Surface marker expression of MSC clones was carried out by flow cytometry using the BD FACS Canto II flow cytometer (BD Biosciences) using antibodies against CD3, CD14, CD19, CD34, CD45, HLA-DR and the MSC positive markers CD73, CD90 and CD105 (BD Biosciences) as described previously20. Post-acquisition analysis was carried out using the FlowJo software (Treestar Inc.).

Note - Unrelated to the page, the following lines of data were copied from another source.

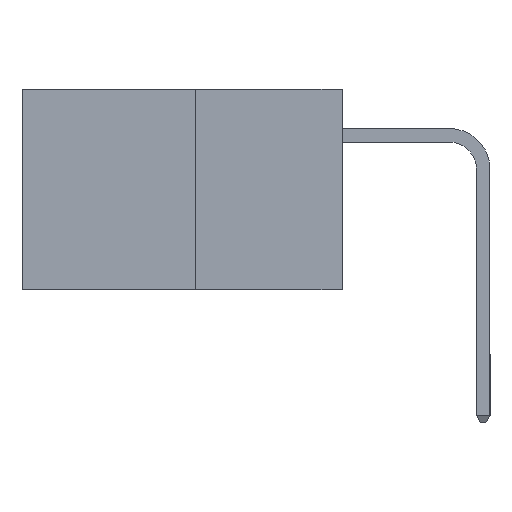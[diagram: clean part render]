
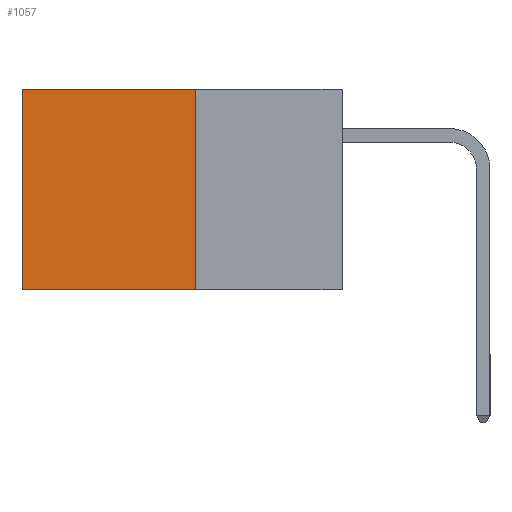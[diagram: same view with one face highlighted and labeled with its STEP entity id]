
A CAD part, left-side view. The second image highlights one B-rep face of the part: STEP entity #1057.
In plain terms, the highlighted planar face has unit normal (-1, 0, 0).
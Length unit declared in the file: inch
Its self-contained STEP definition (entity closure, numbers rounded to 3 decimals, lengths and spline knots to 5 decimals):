
#285 = EDGE_CURVE ( 'NONE', #2312, #536, #2381, .T. ) ;
#536 = VERTEX_POINT ( 'NONE', #2573 ) ;
#786 = AXIS2_PLACEMENT_3D ( 'NONE', #897, #1682, #1650 ) ;
#791 = EDGE_CURVE ( 'NONE', #8427, #2896, #4890, .T. ) ;
#897 = CARTESIAN_POINT ( 'NONE',  ( 0.277, 0.27, -0.37 ) ) ;
#1057 = ADVANCED_FACE ( 'NONE', ( #3097 ), #3990, .F. ) ;
#1630 = VECTOR ( 'NONE', #3398, 39.37008 ) ;
#1650 = DIRECTION ( 'NONE',  ( 0., 0., -1. ) ) ;
#1682 = DIRECTION ( 'NONE',  ( 1., 0., 0. ) ) ;
#2312 = VERTEX_POINT ( 'NONE', #4404 ) ;
#2381 = LINE ( 'NONE', #9972, #10028 ) ;
#2438 = CARTESIAN_POINT ( 'NONE',  ( 0.277, 0.27, -0.37 ) ) ;
#2573 = CARTESIAN_POINT ( 'NONE',  ( 0.277, 0.59, -0.37 ) ) ;
#2896 = VERTEX_POINT ( 'NONE', #2438 ) ;
#3097 = FACE_OUTER_BOUND ( 'NONE', #4039, .T. ) ;
#3225 = ORIENTED_EDGE ( 'NONE', *, *, #791, .F. ) ;
#3398 = DIRECTION ( 'NONE',  ( 0., 1., 0. ) ) ;
#3537 = CARTESIAN_POINT ( 'NONE',  ( 0.277, 0.27, 0. ) ) ;
#3704 = LINE ( 'NONE', #3537, #1630 ) ;
#3751 = EDGE_CURVE ( 'NONE', #8427, #2312, #3704, .T. ) ;
#3990 = PLANE ( 'NONE',  #786 ) ;
#4039 = EDGE_LOOP ( 'NONE', ( #5039, #7124, #3225, #5268 ) ) ;
#4404 = CARTESIAN_POINT ( 'NONE',  ( 0.277, 0.59, 0. ) ) ;
#4561 = DIRECTION ( 'NONE',  ( 0., 0., -1. ) ) ;
#4890 = LINE ( 'NONE', #6317, #8816 ) ;
#5039 = ORIENTED_EDGE ( 'NONE', *, *, #285, .T. ) ;
#5103 = CARTESIAN_POINT ( 'NONE',  ( 0.277, 0.27, 0. ) ) ;
#5268 = ORIENTED_EDGE ( 'NONE', *, *, #3751, .T. ) ;
#5277 = EDGE_CURVE ( 'NONE', #2896, #536, #5537, .T. ) ;
#5537 = LINE ( 'NONE', #7700, #7381 ) ;
#6317 = CARTESIAN_POINT ( 'NONE',  ( 0.277, 0.27, -0.37 ) ) ;
#7124 = ORIENTED_EDGE ( 'NONE', *, *, #5277, .F. ) ;
#7381 = VECTOR ( 'NONE', #7396, 39.37008 ) ;
#7396 = DIRECTION ( 'NONE',  ( 0., 1., 0. ) ) ;
#7700 = CARTESIAN_POINT ( 'NONE',  ( 0.277, 0.27, -0.37 ) ) ;
#8427 = VERTEX_POINT ( 'NONE', #5103 ) ;
#8816 = VECTOR ( 'NONE', #4561, 39.37008 ) ;
#9819 = DIRECTION ( 'NONE',  ( 0., 0., -1. ) ) ;
#9972 = CARTESIAN_POINT ( 'NONE',  ( 0.277, 0.59, -0.37 ) ) ;
#10028 = VECTOR ( 'NONE', #9819, 39.37008 ) ;
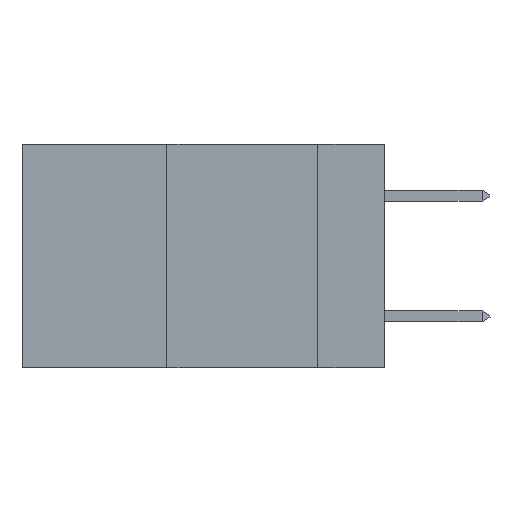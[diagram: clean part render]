
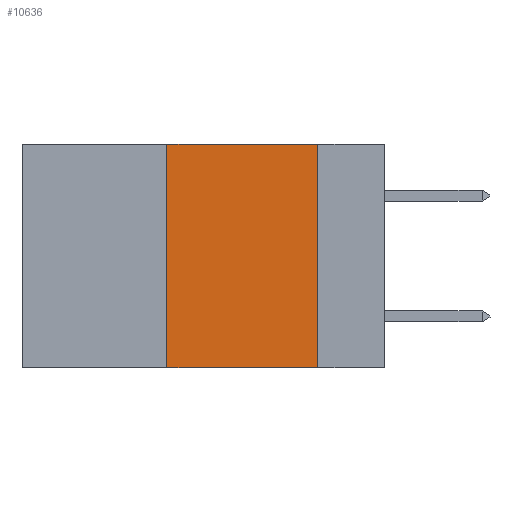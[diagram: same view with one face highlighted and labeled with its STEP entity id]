
A CAD part, left-side view. The second image highlights one B-rep face of the part: STEP entity #10636.
In plain terms, the highlighted planar face has unit normal (-1, 0, 0).
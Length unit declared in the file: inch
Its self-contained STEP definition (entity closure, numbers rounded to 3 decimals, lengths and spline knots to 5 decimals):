
#1764 = CARTESIAN_POINT ( 'NONE',  ( 0., 0.36, -0.37 ) ) ;
#2505 = ORIENTED_EDGE ( 'NONE', *, *, #10700, .T. ) ;
#2609 = VERTEX_POINT ( 'NONE', #2977 ) ;
#2977 = CARTESIAN_POINT ( 'NONE',  ( 0., 0.36, 0. ) ) ;
#3136 = FACE_OUTER_BOUND ( 'NONE', #8057, .T. ) ;
#3286 = ORIENTED_EDGE ( 'NONE', *, *, #3648, .F. ) ;
#3648 = EDGE_CURVE ( 'NONE', #11738, #6449, #19268, .T. ) ;
#4651 = DIRECTION ( 'NONE',  ( 0., -1., 0. ) ) ;
#5691 = CARTESIAN_POINT ( 'NONE',  ( 0., 0.6, 0. ) ) ;
#5849 = DIRECTION ( 'NONE',  ( 0., -1., 0. ) ) ;
#6089 = VECTOR ( 'NONE', #5849, 39.37008 ) ;
#6204 = VECTOR ( 'NONE', #8121, 39.37008 ) ;
#6449 = VERTEX_POINT ( 'NONE', #10426 ) ;
#7390 = DIRECTION ( 'NONE',  ( 1., 0., 0. ) ) ;
#8057 = EDGE_LOOP ( 'NONE', ( #3286, #10556, #8975, #2505 ) ) ;
#8121 = DIRECTION ( 'NONE',  ( 0., 0., -1. ) ) ;
#8975 = ORIENTED_EDGE ( 'NONE', *, *, #16391, .F. ) ;
#9090 = VECTOR ( 'NONE', #21420, 39.37008 ) ;
#9239 = CARTESIAN_POINT ( 'NONE',  ( 0., 0.6, -0.37 ) ) ;
#9336 = AXIS2_PLACEMENT_3D ( 'NONE', #5691, #7390, #19343 ) ;
#9786 = CARTESIAN_POINT ( 'NONE',  ( 0., 0.6, 0. ) ) ;
#10426 = CARTESIAN_POINT ( 'NONE',  ( 0., 0.11, -0.37 ) ) ;
#10556 = ORIENTED_EDGE ( 'NONE', *, *, #20374, .F. ) ;
#10636 = ADVANCED_FACE ( 'NONE', ( #3136 ), #15934, .F. ) ;
#10644 = LINE ( 'NONE', #9239, #6089 ) ;
#10700 = EDGE_CURVE ( 'NONE', #16028, #6449, #10644, .T. ) ;
#11738 = VERTEX_POINT ( 'NONE', #19005 ) ;
#15934 = PLANE ( 'NONE',  #9336 ) ;
#16028 = VERTEX_POINT ( 'NONE', #1764 ) ;
#16391 = EDGE_CURVE ( 'NONE', #16028, #2609, #18117, .T. ) ;
#16595 = VECTOR ( 'NONE', #4651, 39.37008 ) ;
#18117 = LINE ( 'NONE', #19685, #9090 ) ;
#19005 = CARTESIAN_POINT ( 'NONE',  ( 0., 0.11, 0. ) ) ;
#19268 = LINE ( 'NONE', #21696, #6204 ) ;
#19343 = DIRECTION ( 'NONE',  ( 0., 0., -1. ) ) ;
#19685 = CARTESIAN_POINT ( 'NONE',  ( 0., 0.36, 0. ) ) ;
#20374 = EDGE_CURVE ( 'NONE', #2609, #11738, #21089, .T. ) ;
#21089 = LINE ( 'NONE', #9786, #16595 ) ;
#21420 = DIRECTION ( 'NONE',  ( 0., 0., 1. ) ) ;
#21696 = CARTESIAN_POINT ( 'NONE',  ( 0., 0.11, 0. ) ) ;

Study of the commitment towards chondrogenesis
To examine the commitment towards chondrogenesis, clonal cell cultures were switched to a culture medium containing 1% FBS twelve hours prior to chondrogenic induction. Chondrogenic differentiation was carried out in a pellet culture format as described above. Three pellets were set up for each time point. Pellets from the 0 h time point remained in ICM, while pellets at 15 min, 30 min, 1, 2, 4, 8 and 16 h time points were cultured in CCM. At each time point the 3 pellets were combined into 1 tube, the pooled pellets were washed in PBS and snapped frozen in liquid nitrogen. Clonal cells in monolayer and 21d chondrogenic pellets were included as controls. The time course experiment was carried out three times and each time course served as a technical replica for the experiment.
RNA extraction and sequencing
Total RNA was extracted using an miRNeasy Mini kit (QIAGEN). For day 21 samples, due to the amount of matrix deposition around the chondrocytes in this late time point pellet, mechanical homogenisation by pulverizing in a chilled steel mortar and pestle was required prior to RNA extraction21. The concentration and purity of the isolated RNA was determined using the Nanodrop ND-1000 (Nanodrop Technologies). RNA integrity was measured using the 2100 Bioanalyzer (Agilent Technologies). Bioanalyzer and Nanodrop results were deposited on Zenodo as lab_qc.zip22. 400 ng of total RNA was included in each sequencing reaction.
Poly(A)+ enrichment to purify mRNA from each sample was performed by hybridization of the RNA with poly(T) oligomers. The mRNA was then converted to cDNA and fragmented, creating cDNA library fragments of approximately 250nt in size. Sequencing adaptors were then added to each cDNA library fragment. The libraries were sequenced on an Illumina GAIIx using TruSeq Single read Cluster Generation Kit v5 and TruSeq Single read 36 cycle Sequencing kit v5. The sequencing mode was 35 nt single-read plus 7 nt for indices. The raw reads were aligned to Human Gencode23 (v23/h38.p3) reference genome with STAR aligner24 (v2.5.0a) and summarized with featureCounts25 (v.1.6.2).
Ethics approval and consent to participate
All procedures were approved by the Clinical Research Ethical Committee of Galway University Hospital and by the National University of Ireland Galway Research Ethics Committee, including written consent to participate and publish sequenced data.